▶ [WHAT YOU WILL DO] Filter the records down to the lines that hold the word "cycles", and copy each of those lines.

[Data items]
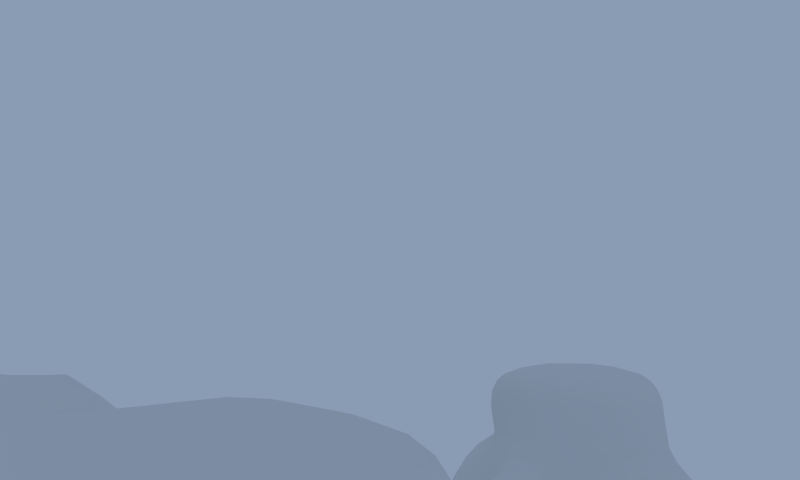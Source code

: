 # Source: SpiderIsle.blend  (saved by Blender 2.64.9; exported with 4.5.12 LTS)
import bpy
from mathutils import Matrix  # noqa: F401  (used for matrix-valued properties, if any)

bpy.ops.wm.read_factory_settings(use_empty=True)
scene = bpy.context.scene
scene.name = 'Scene'

# ---- collections
col_collection_1 = bpy.data.collections.new('Collection 1'); scene.collection.children.link(col_collection_1)
col_collection_1.hide_render = True
col_collection_1.hide_viewport = True
col_collection_2 = bpy.data.collections.new('Collection 2'); scene.collection.children.link(col_collection_2)
col_collection_2.hide_render = True
col_collection_2.hide_viewport = True
col_collection_3 = bpy.data.collections.new('Collection 3'); scene.collection.children.link(col_collection_3)
col_collection_3.hide_render = True
col_collection_3.hide_viewport = True
col_collection_4 = bpy.data.collections.new('Collection 4'); scene.collection.children.link(col_collection_4)
col_collection_4.hide_render = True
col_collection_4.hide_viewport = True
col_collection_6 = bpy.data.collections.new('Collection 6'); scene.collection.children.link(col_collection_6)
col_collection_6.hide_render = True
col_collection_6.hide_viewport = True
col_collection_7 = bpy.data.collections.new('Collection 7'); scene.collection.children.link(col_collection_7)
col_collection_7.hide_render = True
col_collection_7.hide_viewport = True
col_collection_8 = bpy.data.collections.new('Collection 8'); scene.collection.children.link(col_collection_8)
col_collection_8.hide_render = True
col_collection_8.hide_viewport = True
col_collection_10 = bpy.data.collections.new('Collection 10'); scene.collection.children.link(col_collection_10)
col_collection_11 = bpy.data.collections.new('Collection 11'); scene.collection.children.link(col_collection_11)
col_collection_11.hide_render = True
col_collection_11.hide_viewport = True
col_collection_12 = bpy.data.collections.new('Collection 12'); scene.collection.children.link(col_collection_12)
col_collection_12.hide_render = True
col_collection_12.hide_viewport = True
col_outdoorlighting = bpy.data.collections.new('OutdoorLighting')  # instanced only; not linked into the scene
col_g_truck = bpy.data.collections.new('G_Truck')  # instanced only; not linked into the scene
col_g_snail = bpy.data.collections.new('G_Snail')  # instanced only; not linked into the scene
col_basickit = bpy.data.collections.new('BasicKit')  # instanced only; not linked into the scene
col_g_snailhidden = bpy.data.collections.new('G_SnailHidden')  # instanced only; not linked into the scene
col_basickit_hidden = bpy.data.collections.new('BasicKit_Hidden')  # instanced only; not linked into the scene
col_g_spider = bpy.data.collections.new('G_Spider')  # instanced only; not linked into the scene
col_g_ruler = bpy.data.collections.new('G_Ruler')  # instanced only; not linked into the scene

# ---- materials (node trees are filled in below, after node groups)
mat_pondscum = bpy.data.materials.new('PondScum')
mat_pondscum.alpha_threshold = 0.0
mat_pondscum.use_transparent_shadow = False
mat_pondscum.specular_color = (0.0, 0.0, 0.0)
mat_pondscum.roughness = 3.14
mat_pondscum.specular_intensity = 0.0
mat_pondscum.line_color = (0.0, 0.0, 0.0, 1.0)
mat_isle_2sided = bpy.data.materials.new('isle_2sided')
mat_isle_2sided.alpha_threshold = 0.0
mat_isle_2sided.use_transparent_shadow = False
mat_isle_2sided.roughness = 3.14
mat_isle_2sided.specular_intensity = 0.1
mat_isle_2sided.line_color = (0.0, 0.0, 0.0, 1.0)
mat_isle = bpy.data.materials.new('isle')
mat_isle.alpha_threshold = 0.0
mat_isle.use_transparent_shadow = False
mat_isle.roughness = 3.14
mat_isle.specular_intensity = 0.1
mat_isle.line_color = (0.0, 0.0, 0.0, 1.0)
mat_watermurky = bpy.data.materials.new('WaterMurky')
mat_spikygrass = bpy.data.materials.new('SpikyGrass')
mat_spikygrass.alpha_threshold = 0.0
mat_spikygrass.use_transparent_shadow = False
mat_spikygrass.roughness = 0.5
mat_spikygrass.specular_intensity = 0.1881
mat_spikygrass.line_color = (0.0, 0.0, 0.0, 1.0)
mat_airstream = bpy.data.materials.new('Airstream')
mat_airstream.alpha_threshold = 0.0
mat_airstream.use_transparent_shadow = False
mat_airstream.roughness = 0.5
mat_airstream.line_color = (0.0, 0.0, 0.0, 1.0)
mat_spiderweb = bpy.data.materials.new('SpiderWeb')
mat_spiderweb.alpha_threshold = 0.0
mat_spiderweb.use_transparent_shadow = False
mat_spiderweb.diffuse_color = (1.0, 1.0, 1.0, 1.0)
mat_spiderweb.roughness = 3.14
mat_spiderweb.specular_intensity = 1.0
mat_spiderweb.line_color = (0.0, 0.0, 0.0, 1.0)

# ---- material node trees

# ---- world
world_world = bpy.data.worlds.new('World'); scene.world = world_world
world_world.color = (0.2525, 0.3327, 0.4575)
world_world.use_sun_shadow = False
world_world.sun_shadow_jitter_overblur = 0.0
world_world.cycles.sampling_method = 'MANUAL'
world_world.cycles.sample_map_resolution = 256

# ---- cameras
cam_camera_004 = bpy.data.cameras.new('Camera.004')
cam_camera_004.clip_end = 5000.0
cam_camera_004.lens = 35.0
cam_camera_004.sensor_width = 32.0
cam_camera_004.sensor_height = 18.0
cam_camera_004.dof.focus_distance = 0.0
cam_camera_004.dof.aperture_fstop = 128.0
cam_camera = bpy.data.cameras.new('Camera')
cam_camera.passepartout_alpha = 0.9
cam_camera.clip_start = 0.5
cam_camera.clip_end = 1e+04
cam_camera.lens = 25.0
cam_camera.sensor_width = 32.0
cam_camera.sensor_height = 18.0
cam_camera.ortho_scale = 7.314
cam_camera.dof.focus_distance = 0.0
cam_camera.dof.aperture_fstop = 128.0
cam_camera_001 = bpy.data.cameras.new('Camera.001')
cam_camera_001.clip_start = 0.5
cam_camera_001.clip_end = 1e+04
cam_camera_001.lens = 25.0
cam_camera_001.sensor_width = 32.0
cam_camera_001.sensor_height = 18.0
cam_camera_001.dof.focus_distance = 0.0
cam_camera_001.dof.aperture_fstop = 128.0
cam_camera_002 = bpy.data.cameras.new('Camera.002')
cam_camera_002.clip_end = 100.0
cam_camera_002.lens = 25.0
cam_camera_002.sensor_width = 32.0
cam_camera_002.sensor_height = 18.0
cam_camera_002.dof.focus_distance = 0.0
cam_camera_002.dof.aperture_fstop = 128.0
cam_spidercam_side = bpy.data.cameras.new('SpiderCam_Side')
cam_spidercam_side.clip_end = 100.0
cam_spidercam_side.lens = 22.0
cam_spidercam_side.sensor_width = 32.0
cam_spidercam_side.sensor_height = 18.0
cam_spidercam_side.dof.focus_distance = 0.0
cam_spidercam_side.dof.aperture_fstop = 128.0
cam_camera_003 = bpy.data.cameras.new('Camera.003')
cam_camera_003.clip_end = 100.0
cam_camera_003.lens = 65.0
cam_camera_003.sensor_width = 32.0
cam_camera_003.sensor_height = 18.0
cam_camera_003.dof.focus_distance = 0.0
cam_camera_003.dof.aperture_fstop = 128.0
cam_camera_005 = bpy.data.cameras.new('Camera.005')
cam_camera_005.clip_start = 0.5
cam_camera_005.clip_end = 1e+04
cam_camera_005.lens = 35.0
cam_camera_005.sensor_width = 32.0
cam_camera_005.sensor_height = 18.0
cam_camera_005.dof.focus_distance = 0.0
cam_camera_005.dof.aperture_fstop = 128.0

# ---- meshes
me_cube_003 = bpy.data.meshes.new('Cube.003')
me_cube_003.from_pydata([(14.54, -112.1, 1.883e-06), (26.07, -63.76, 1.883e-06), (67.84, -72.62, 1.883e-06), (62.68, -110.8, 2.146e-06), (25.68, -103.8, 18.5), (27.59, -66.26, 18.5), (65.54, -74.31, 21.54), (60.85, -109.0, 21.54), (97.36, -101.6, 1.746e-06), (93.93, -77.31, 1.89e-06), (125.5, -77.6, 1.89e-06), (115.7, -104.2, 1.89e-06), (99.61, -99.81, 20.03), (100.6, -83.19, 20.03), (118.1, -84.03, 20.03), (114.9, -102.0, 20.03), (-45.6, -72.59, 1.907e-06), (-12.61, -45.33, 1.75e-06), (4.303, -63.74, 1.786e-06), (-12.13, -91.12, 2.146e-06), (-39.72, -79.39, 15.4), (-11.84, -48.03, 16.18), (4.303, -63.74, 13.05), (-12.13, -91.12, 13.05), (23.53, -94.7, 18.5), (25.56, -80.48, 18.5), (23.84, -79.41, 1.883e-06), (22.23, -91.19, 1.949e-06), (40.2, -71.26, 21.54), (56.02, -70.32, 21.54), (57.37, -68.23, 1.883e-06), (40.81, -54.78, 2.408e-06), (68.21, -86.57, 21.54), (66.18, -100.8, 21.54), (68.54, -101.8, 1.883e-06), (70.78, -86.11, 1.883e-06), (49.93, -113.0, 21.54), (40.7, -112.6, 21.54), (31.07, -121.8, 1.883e-06), (50.66, -115.2, 1.883e-06), (96.89, -95.49, 20.03), (97.51, -88.83, 20.03), (94.83, -88.42, 1.89e-06), (94.09, -96.42, 1.89e-06), (105.7, -78.35, 20.03), (112.4, -78.97, 20.03), (118.6, -71.52, 1.89e-06), (105.8, -70.0, 1.89e-06), (119.9, -89.36, 20.03), (119.3, -96.02, 20.03), (121.0, -97.06, 1.89e-06), (127.7, -83.99, 1.89e-06), (109.6, -103.4, 20.03), (102.9, -102.8, 20.03), (101.3, -111.0, 1.89e-06), (109.3, -111.7, 1.89e-06), (-32.94, -71.18, 15.4), (-19.38, -53.26, 15.4), (-4.832, -48.21, 15.4), (0.3821, -56.02, 15.4), (0.3821, -56.02, 1.907e-06), (-4.832, -48.21, 1.907e-06), (0.5942, -74.43, 13.05), (-6.241, -87.35, 13.05), (-6.241, -87.35, 1.907e-06), (0.5942, -74.43, 1.907e-06), (-21.96, -93.31, 15.4), (-33.14, -89.93, 15.4), (-41.64, -98.97, 1.967e-06), (-23.34, -103.7, 1.967e-06), (60.14, -97.84, 21.54), (37.74, -96.73, 21.54), (62.17, -83.62, 21.54), (39.77, -82.51, 21.54), (110.2, -96.73, 21.78), (103.5, -96.11, 21.78), (110.8, -90.07, 21.78), (104.2, -89.45, 21.78), (-14.51, -80.88, 15.4), (-22.78, -74.41, 15.4), (-7.064, -68.45, 15.4), (-14.72, -62.47, 15.4), (-12.61, -45.33, 7.702), (-45.6, -72.59, 7.702), (4.303, -63.74, 5.347), (-12.13, -91.12, 5.347), (-36.01, -67.63, 7.702), (-21.07, -53.41, 7.702), (-4.832, -48.21, 7.702), (0.3821, -56.02, 7.702), (2.104, -74.98, 2.284), (-4.731, -87.9, 2.284), (-25.51, -101.1, 7.702), (-39.51, -96.54, 7.702), (27.59, -66.26, 6.297), (25.68, -103.8, 10.77), (65.54, -74.31, 10.77), (60.85, -109.0, 10.77), (21.51, -93.58, 3.507), (23.54, -79.36, 3.507), (40.98, -57.59, 8.464), (56.02, -70.32, 10.77), (68.21, -86.57, 10.77), (66.18, -100.8, 10.77), (49.93, -113.0, 10.77), (32.13, -119.0, 10.77), (97.7, -81.03, 10.77), (99.61, -99.81, 10.77), (123.0, -79.81, 10.77), (114.9, -102.0, 10.77), (96.89, -95.49, 10.77), (97.51, -88.83, 10.77), (107.6, -74.94, 10.77), (117.3, -74.76, 10.77), (124.9, -85.14, 10.77), (119.3, -96.02, 10.77), (109.6, -108.2, 10.77), (102.9, -107.6, 10.77), (84.55, -94.64, 7.463), (84.55, -94.64, 1.907e-06), (85.87, -84.2, 7.463), (85.87, -84.2, 1.907e-06), (-51.18, -26.2, 2.384e-06), (-6.814, -28.88, 2.471e-06), (-10.61, -26.19, 5.707), (-46.23, -26.54, 7.845), (-35.77, -26.53, 7.702), (-25.05, -28.37, 7.702), (5.257, -7.996, 4.206), (-32.29, 3.981, 4.735), (-15.56, 4.705, 13.37), (-6.387, -5.192, 12.85), (3.29, -25.88, 2.367e-06), (3.29, -25.88, 7.702), (22.47, -17.09, 3.018e-06), (16.15, -12.99, 2.686), (-63.45, -10.91, 2.671e-06), (-54.46, -9.542, 1.561), (-59.9, 12.86, 3.044e-06), (-48.8, 13.06, 4.735), (26.99, 7.215, 4.206), (11.03, 26.19, 7.478), (17.14, 19.65, 7.927), (38.11, -3.619, 3.503e-06), (31.79, 0.4821, 2.686), (-35.8, 28.64, 2.517e-06), (-35.8, 28.64, 7.702), (-12.77, 48.63, 7.702), (52.85, 10.14, 7.703), (31.14, 45.51, 10.31), (42.04, 25.95, 7.703), (67.73, -2.583, 4.306e-06), (67.73, -2.583, 7.702), (19.64, 77.94, 4.306e-06), (18.46, 68.46, 3.298), (-42.51, 46.62, 2.146e-06), (-42.51, 46.62, 7.702), (-26.69, 60.34, 7.702), (-4.074, 83.43, 3.815e-06), (-11.16, 73.1, 3.298), (-65.51, 64.66, 9.644e-07), (-63.34, 66.45, 7.702), (-49.3, 87.78, 1.805e-06), (-49.54, 86.12, 7.702), (-23.07, 96.12, 2.407e-06), (-28.25, 89.87, 7.702), (69.66, 23.05, 9.883), (59.89, 63.4, 10.45), (60.26, 42.68, 9.883), (81.76, 7.138, 6.437e-06), (81.76, 7.138, 7.703), (57.89, 82.64, 6.199e-06), (57.89, 82.64, 10.45), (104.7, 40.74, 6.914e-06), (98.89, 25.02, 6.676e-06), (105.1, 60.36, 6.914e-06), (87.12, 29.24, 10.68), (87.71, 55.14, 10.45), (88.85, 38.66, 10.68), (94.8, 17.57, 6.437e-06), (90.13, 17.19, 5.926), (86.13, 79.6, 6.199e-06), (86.13, 79.6, 10.45), (-34.55, 34.58, 16.55), (-18.37, 48.62, 16.55), (-42.51, 46.62, 16.55), (-26.69, 60.34, 16.55), (-54.73, 67.04, 16.55), (-44.51, 82.51, 16.55), (5.88, 21.45, 4.731), (-9.913, 9.485, 6.16), (-0.7398, -0.4114, 5.641), (12.0, 14.91, 5.179), (5.353, 20.86, 15.86), (11.29, 14.16, 16.69), (2.162, 19.13, 11.72), (8.099, 12.44, 12.55), (-8.987, 10.39, 14.58), (-0.2691, 0.1062, 13.77), (-5.065, 13.6, 12.56), (3.653, 3.321, 11.75), (102.9, -102.8, 10.77), (109.6, -103.4, 10.77), (117.4, -84.69, 10.77), (111.6, -79.63, 10.77), (119.2, -90.02, 10.77), (100.6, -83.19, 10.77), (105.7, -78.35, 10.77), (17.11, -110.2, 2.306), (40.7, -112.6, 10.77), (40.2, -71.26, 8.814), (13.08, -77.46, 18.47), (8.643, -91.02, 18.47), (13.08, -77.46, 9.237), (8.643, -91.02, 9.237), (-46.67, -48.88, 2.146e-06), (-46.67, -48.88, 7.702), (-10.9, -37.79, 2.111e-06), (-23.06, -40.89, 7.702), (-35.89, -47.08, 7.702), (-16.24, -38.46, 5.707), (-34.26, -58.9, 12.12), (-24.77, -49.87, 12.12), (26.41, -66.15, 23.84), (24.38, -80.37, 23.84), (36.1, -70.69, 26.73), (35.75, -80.23, 26.73), (-54.73, 67.04, 7.702), (-44.51, 82.51, 7.702), (-72.54, 72.99, 6.841e-07), (-69.32, 73.54, 7.702), (-63.83, 89.12, 1.525e-06), (-61.91, 87.26, 7.702), (-36.53, -92.86, 7.702), (-21.96, -93.31, 7.702), (3.935, -118.0, -13.17), (19.72, -55.24, -9.069), (73.33, -66.64, -9.069), (66.61, -116.4, -9.069), (94.08, -104.2, -9.069), (89.82, -74.0, -9.069), (129.1, -74.36, -9.069), (116.9, -107.5, -9.069), (15.27, -75.34, -9.069), (13.95, -90.81, -9.069), (59.69, -60.92, -9.069), (38.13, -43.42, -9.069), (74.24, -104.6, -9.069), (76.22, -78.79, -5.971), (25.46, -130.7, -9.069), (50.96, -122.0, -9.069), (89.73, -81.52, -5.971), (90.01, -97.78, -5.659), (120.5, -66.81, -9.069), (104.6, -64.91, -9.069), (123.5, -98.57, -9.069), (131.8, -82.32, -9.069), (99.03, -115.9, -9.069), (109.0, -116.8, -9.069), (83.26, -97.64, -5.659), (83.95, -79.97, -6.217), (-54.07, -73.41, -9.069), (-3.988, -40.9, -9.069), (11.83, -62.94, -9.069), (-6.613, -97.59, -9.069), (7.724, -51.73, -9.069), (0.4385, -41.54, -9.069), (0.01756, -93.11, -9.069), (9.357, -78.04, -9.069), (-47.96, -104.7, -9.069), (-20.86, -111.8, -13.17), (-58.89, -29.79, -9.069), (-1.24, -35.31, -9.069), (6.28, -33.85, -9.069), (27.06, -24.25, -9.069), (-71.66, -13.12, -9.069), (-67.06, 17.45, -9.069), (41.21, -11.54, -9.069), (-51.3, 30.19, -5.43), (70.41, -10.66, -9.069), (20.09, 86.43, -9.069), (-54.1, 44.9, -5.43), (-0.6974, 91.24, -9.069), (-71.42, 58.54, -9.069), (-50.21, 96.23, -9.069), (-21.88, 104.5, -9.069), (86.84, 0.3172, -9.069), (57.82, 91.15, -9.069), (113.1, 39.15, -9.069), (106.6, 21.49, -9.069), (113.0, 63.5, -9.069), (101.3, 12.1, -9.069), (89.83, 87.26, -9.069), (-55.11, -49.91, -9.069), (32.6, -33.83, -12.53), (-81.0, 72.12, -9.069), (-67.85, 96.61, -9.069), (13.0, -44.54, -12.53), (83.1, -70.89, -8.778), (91.98, -41.18, -23.14), (32.6, -33.83, -12.53), (50.45, -36.23, -12.53), (71.87, -38.65, -15.69), (-9.468, -150.8, -31.54), (73.02, -156.5, -31.54), (158.5, -54.69, -31.54), (141.6, -133.6, -31.54), (21.83, -165.9, -31.54), (56.56, -159.8, -31.54), (135.0, -34.49, -31.54), (119.0, -37.44, -29.18), (156.6, -113.2, -31.54), (167.1, -84.83, -31.54), (97.68, -151.2, -31.54), (122.3, -149.6, -31.54), (-89.23, -77.61, -31.54), (-73.8, -128.9, -31.54), (-29.67, -146.1, -31.54), (-91.23, -44.22, -31.54), (-106.0, -21.96, -31.54), (-102.5, 18.23, -31.54), (29.98, 129.3, -31.54), (9.36, 134.2, -31.54), (-104.6, 46.06, -31.54), (-54.87, 131.3, -31.54), (-17.02, 139.6, -31.54), (113.2, -17.3, -29.31), (57.76, 126.6, -31.54), (147.9, 33.05, -31.54), (138.8, 6.66, -31.54), (145.8, 76.89, -31.54), (128.4, -10.75, -31.54), (105.5, 119.0, -31.54), (-90.29, -53.97, -31.54), (-116.3, 69.96, -31.54), (-85.69, 127.2, -31.54), (112.3, -30.69, -30.07)], [], [(99, 94, 1, 26), (101, 96, 2, 30), (103, 97, 3, 34), (105, 208, 0, 38), (73, 28, 225, 226), (111, 106, 9, 42), (113, 108, 10, 46), (115, 109, 11, 50), (117, 107, 8, 54), (77, 44, 13, 41), (89, 84, 18, 60), (91, 85, 19, 64), (93, 83, 16, 68), (81, 58, 21, 57), (208, 98, 27, 0), (98, 99, 26, 27), (94, 100, 31, 1), (100, 101, 30, 31), (96, 102, 35, 2), (118, 110, 111, 120), (97, 104, 39, 3), (104, 105, 38, 39), (37, 71, 24, 4), (71, 73, 25, 24), (7, 33, 70, 36), (36, 70, 71, 37), (33, 32, 72, 70), (70, 72, 73, 71), (32, 6, 29, 72), (72, 29, 28, 73), (107, 110, 43, 8), (119, 43, 110, 118), (106, 112, 47, 9), (112, 113, 46, 47), (108, 114, 51, 10), (114, 115, 50, 51), (109, 116, 55, 11), (116, 117, 54, 55), (53, 75, 40, 12), (75, 77, 41, 40), (15, 49, 74, 52), (52, 74, 75, 53), (49, 48, 76, 74), (74, 76, 77, 75), (48, 14, 45, 76), (76, 45, 44, 77), (215, 216, 125, 122), (82, 88, 61, 17), (88, 89, 60, 61), (84, 90, 65, 18), (90, 91, 64, 65), (85, 92, 69, 19), (92, 93, 68, 69), (67, 79, 56, 20), (23, 63, 78, 66), (66, 78, 79, 67), (63, 62, 80, 78), (78, 80, 81, 79), (62, 22, 59, 80), (80, 59, 58, 81), (57, 21, 82, 87), (59, 22, 84, 89), (63, 23, 85, 91), (67, 20, 83, 233), (20, 56, 86, 83), (21, 58, 88, 82), (58, 59, 89, 88), (22, 62, 90, 84), (23, 66, 234, 85), (66, 67, 233, 234), (25, 5, 94, 99), (33, 7, 97, 103), (37, 4, 95, 209), (4, 24, 98, 95), (5, 28, 210, 94), (6, 32, 102, 96), (32, 33, 103, 102), (7, 36, 104, 97), (36, 37, 209, 104), (211, 62, 63, 212), (213, 90, 62, 211), (214, 91, 90, 213), (212, 63, 91, 214), (41, 13, 206, 111), (45, 14, 203, 204), (49, 15, 109, 115), (53, 12, 107, 201), (12, 40, 110, 107), (40, 41, 111, 110), (13, 44, 207, 206), (44, 45, 204, 207), (14, 48, 205, 203), (48, 49, 115, 205), (15, 52, 202, 109), (52, 53, 201, 202), (120, 111, 42, 121), (103, 118, 120, 102), (34, 119, 118, 103), (102, 120, 121, 35), (127, 124, 128, 131), (150, 148, 166, 168), (125, 126, 130, 129), (219, 218, 127, 126), (220, 217, 123, 124), (154, 149, 167, 172), (141, 189, 195, 193), (122, 125, 137, 136), (126, 127, 131, 130), (133, 132, 134, 135), (128, 124, 133, 135), (124, 123, 132, 133), (136, 137, 139, 138), (168, 166, 176, 178), (125, 129, 139, 137), (140, 144, 152, 148), (147, 141, 149, 154), (130, 190, 146), (131, 128, 191), (135, 134, 143, 144), (128, 135, 144, 140), (166, 170, 180, 176), (154, 153, 158, 159), (139, 146, 145, 138), (130, 146, 139, 129), (144, 143, 151, 152), (153, 154, 172, 171), (148, 152, 170, 166), (142, 140, 148, 150), (145, 146, 156, 155), (141, 142, 150, 149), (159, 158, 164, 165), (155, 156, 161, 160), (147, 154, 159, 157), (160, 161, 230, 229), (162, 163, 165, 164), (156, 146, 183, 185), (149, 150, 168, 167), (152, 151, 169, 170), (177, 175, 181, 182), (174, 176, 180, 179), (177, 178, 173, 175), (178, 176, 174, 173), (171, 172, 182, 181), (172, 167, 177, 182), (167, 168, 178, 177), (170, 169, 179, 180), (183, 184, 186, 185), (185, 186, 188, 187), (147, 157, 186, 184), (146, 147, 184, 183), (227, 156, 185, 187), (228, 227, 187, 188), (191, 190, 199, 200), (190, 191, 192, 189), (189, 192, 196, 195), (198, 194, 193, 197), (142, 141, 193, 194), (192, 142, 194, 196), (197, 193, 195, 199), (190, 130, 197, 199), (130, 131, 198, 197), (131, 191, 200, 198), (200, 196, 194, 198), (199, 195, 196, 200), (140, 142, 192), (141, 147, 189), (191, 128, 140, 192), (147, 146, 190, 189), (201, 107, 117, 116, 109, 202), (203, 108, 113, 112, 106, 206, 207, 204), (206, 106, 111), (115, 114, 108, 203, 205), (98, 208, 105, 104, 209, 95), (101, 100, 94, 210), (29, 6, 96, 101), (28, 29, 101, 210), (25, 211, 212, 24), (99, 213, 211, 25), (98, 214, 213, 99), (24, 212, 214, 98), (16, 83, 216, 215), (221, 222, 218, 219), (82, 17, 217, 220), (79, 81, 57, 56), (56, 57, 222, 221), (216, 219, 126, 125), (218, 220, 124, 127), (83, 86, 219, 216), (87, 82, 220, 218), (221, 219, 86, 56), (218, 222, 57, 87), (226, 225, 223, 224), (5, 25, 224, 223), (28, 5, 223, 225), (25, 73, 226, 224), (229, 230, 232, 231), (163, 162, 231, 232), (161, 163, 232, 230), (165, 163, 161, 227, 228), (156, 227, 161), (165, 228, 188), (186, 159, 165, 188), (157, 159, 186), (93, 92, 85, 234, 233), (233, 83, 93), (3, 39, 250, 238), (31, 30, 245, 246), (1, 31, 246, 236), (26, 1, 236, 243), (47, 46, 253, 254), (42, 9, 240, 251), (119, 34, 247, 259), (27, 26, 243, 244), (0, 27, 244, 235), (11, 55, 258, 242), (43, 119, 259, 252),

▶ [SOLUTION FOR THIS EXERCISE]
world_world.cycles.sampling_method = 'MANUAL'
world_world.cycles.sample_map_resolution = 256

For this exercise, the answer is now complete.